Records excerpted from a collection
───

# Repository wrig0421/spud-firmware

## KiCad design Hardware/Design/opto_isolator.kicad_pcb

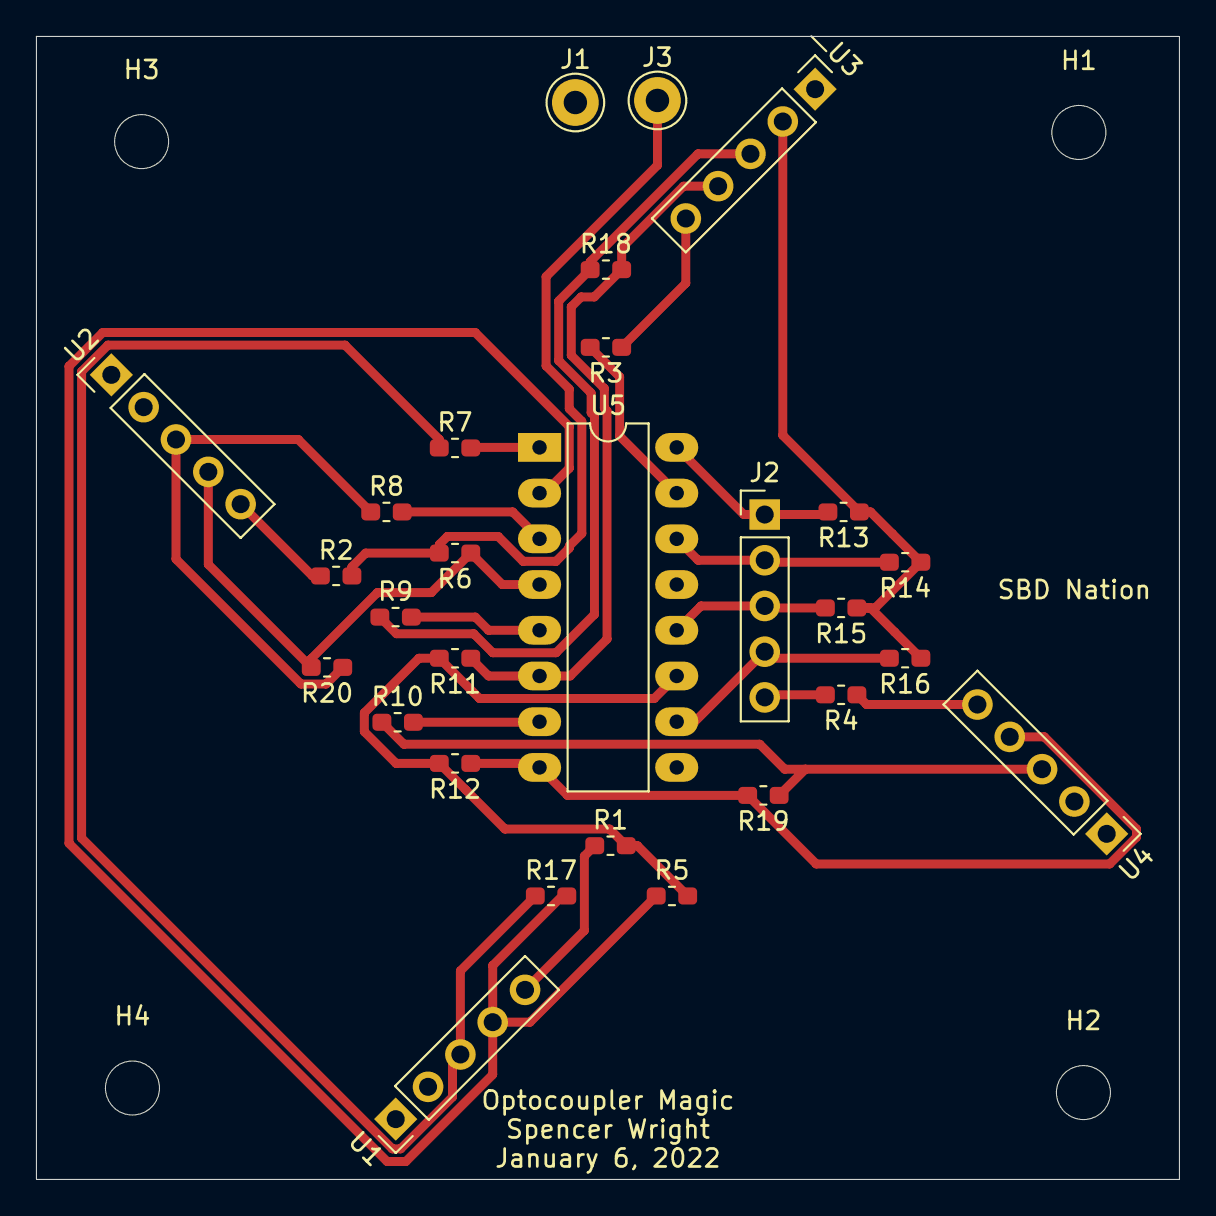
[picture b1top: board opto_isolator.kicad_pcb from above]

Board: 4 copper layers, 63.5 x 63.5 mm, 32 parts (0 on the bottom side), 22 nets.

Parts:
H1, H2, H3, H4: MountingHole; MountingHole_3mm
J1, J3: Conn_01x01_Male; Pin_D1.3mm_L11.0mm
J2: Conn_01x05_Male; PinHeader_1x05_P2.54mm_Vertical
R1, R2, R3, R4, R5, R6, R11, R12, R17, R18, R19, R20: DNI; R_0603_1608Metric_Pad1.05x0.95mm_HandSolder
R7, R8, R9, R10: 1k; R_0603_1608Metric_Pad1.05x0.95mm_HandSolder
R13, R14, R15, R16: 10k; R_0603_1608Metric_Pad1.05x0.95mm_HandSolder
U1, U2, U3, U4: receiver_433MHz; PinHeader_1x05_P2.54mm_Vertical
U5: PS2501-4; DIP-16_W7.62mm_LongPads

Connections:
/INT_0: J2.1, R13.2, U5.16
/INT_1: J2.2, R14.2, U5.14
/INT_2: J2.3, R15.2, U5.12
/INT_3: J2.4, R16.2, U5.10
/OUT_1_N: R5.1, R17.2, U1.4, U5.2
/OUT_1_P: R7.1, R17.1, U1.3
/OUT_2_N: R6.1, R20.2, U2.4, U5.4
/OUT_2_P: R8.1, R20.1, U2.3
/OUT_3_N: R11.1, R18.2, U3.4, U5.6
/OUT_3_P: R9.1, R18.1, U3.3
/OUT_4_N: R12.1, R19.2, U4.4, U5.8
/OUT_4_P: R10.1, R19.1, U4.3
GND: J2.5, J3.1, R1.2, R2.2, R3.2, R4.2, R5.2, R6.2, R11.2, R12.2, U1.1, U2.1, U3.1, U4.1, U5.9, U5.11, U5.13, U5.15
unnamed: R1.1, U1.5
unnamed: R2.1, U2.5
unnamed: R3.1, U3.5
unnamed: R4.1, U4.5
unnamed: R7.2, U5.1
unnamed: R8.2, U5.3
unnamed: R9.2, U5.5
unnamed: R10.2, U5.7
VCC: J1.1, R13.1, R14.1, R15.1, R16.1, U1.2, U2.2, U3.2, U4.2

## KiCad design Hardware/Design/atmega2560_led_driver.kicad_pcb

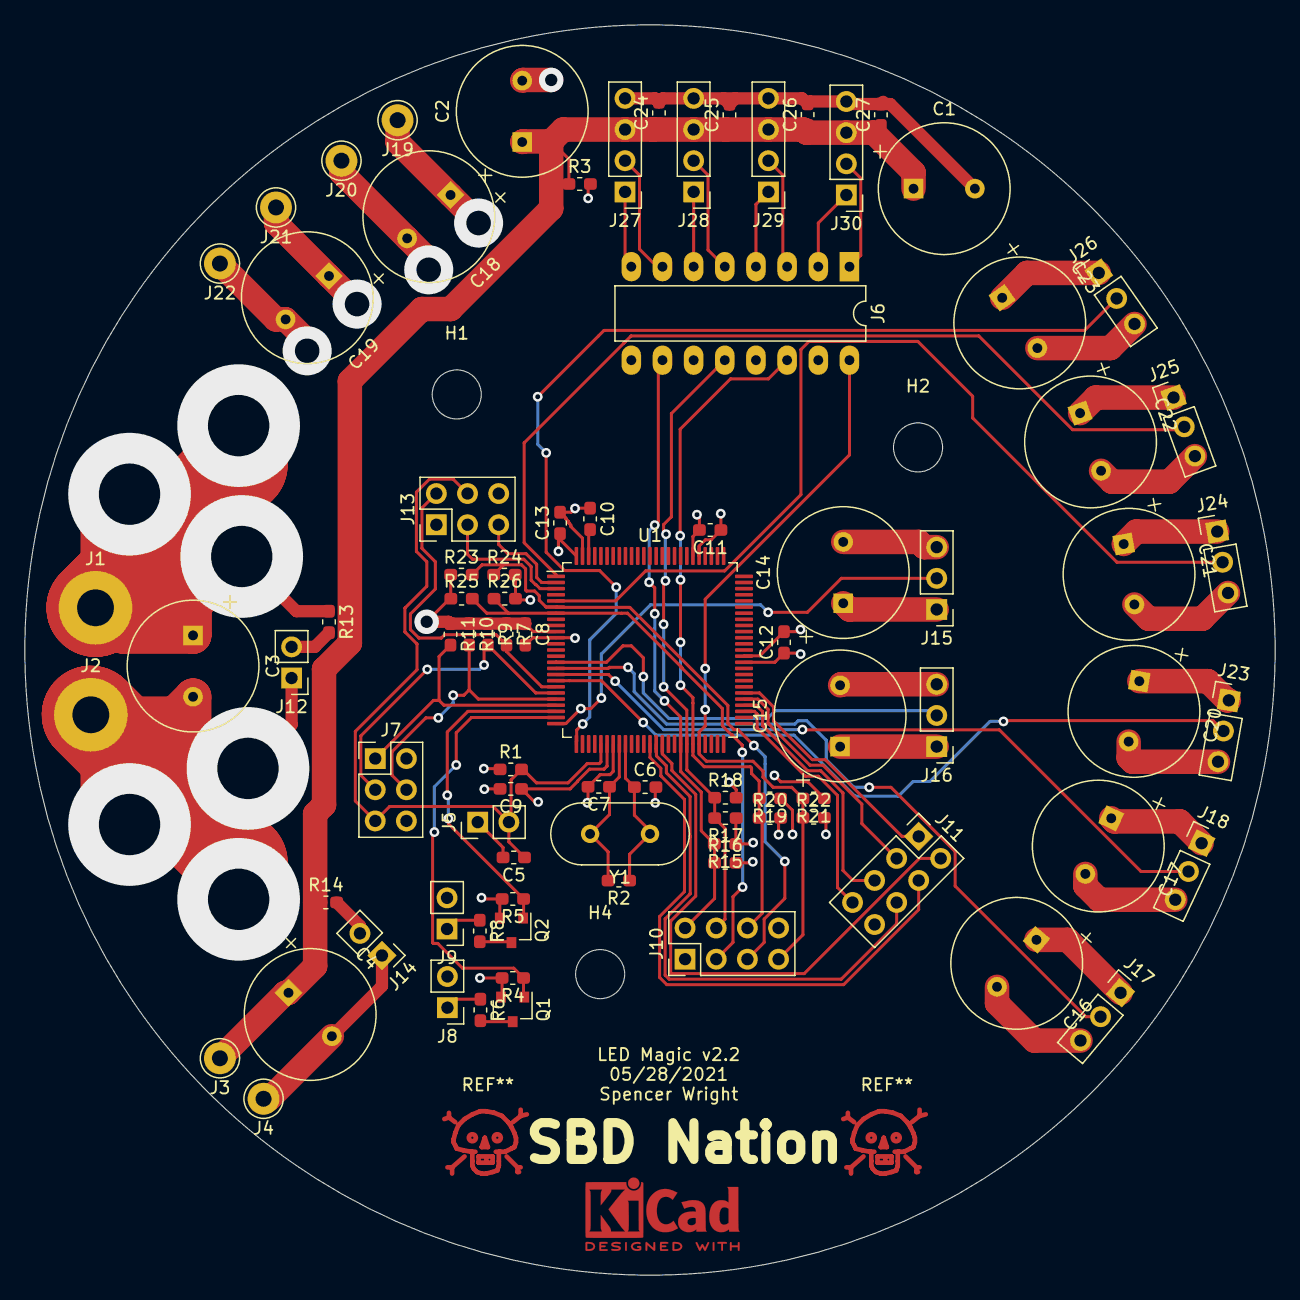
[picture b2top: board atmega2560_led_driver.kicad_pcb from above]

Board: 4 copper layers, 101.9 x 101.9 mm, 89 parts (0 on the bottom side), 50 nets.

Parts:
C1, C2, C3, C4, C14, C15, C16, C17, C18, C19, C20, C21, C22, C23: 10u; CP_Radial_Tantal_D10.5mm_P5.00mm
C5, C24, C25, C26, C27: 1u; R_0603_1608Metric_Pad1.05x0.95mm_HandSolder
C6, C7: CP1_Small; C_0603_1608Metric_Pad1.05x0.95mm_HandSolder
C8, C9, C10: 0.1u; R_0603_1608Metric_Pad1.05x0.95mm_HandSolder
C11, C12, C13: 0.1u; C_0603_1608Metric_Pad1.05x0.95mm_HandSolder
H1, H2, H4: MountingHole; MountingHole_4mm
J1, J2: Conn_01x01_Male; MountingHole_3mm_Pad
J3, J4, J19, J20, J21, J22: Conn_01x01_Male; Pin_D1.3mm_L11.0mm
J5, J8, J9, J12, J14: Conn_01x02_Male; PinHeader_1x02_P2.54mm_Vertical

───

### Problem statement:
The required answer is each line of the data in which the word "Design" appears.

### Answer space:
## KiCad design Hardware/Design/opto_isolator.kicad_pcb
## KiCad design Hardware/Design/atmega2560_led_driver.kicad_pcb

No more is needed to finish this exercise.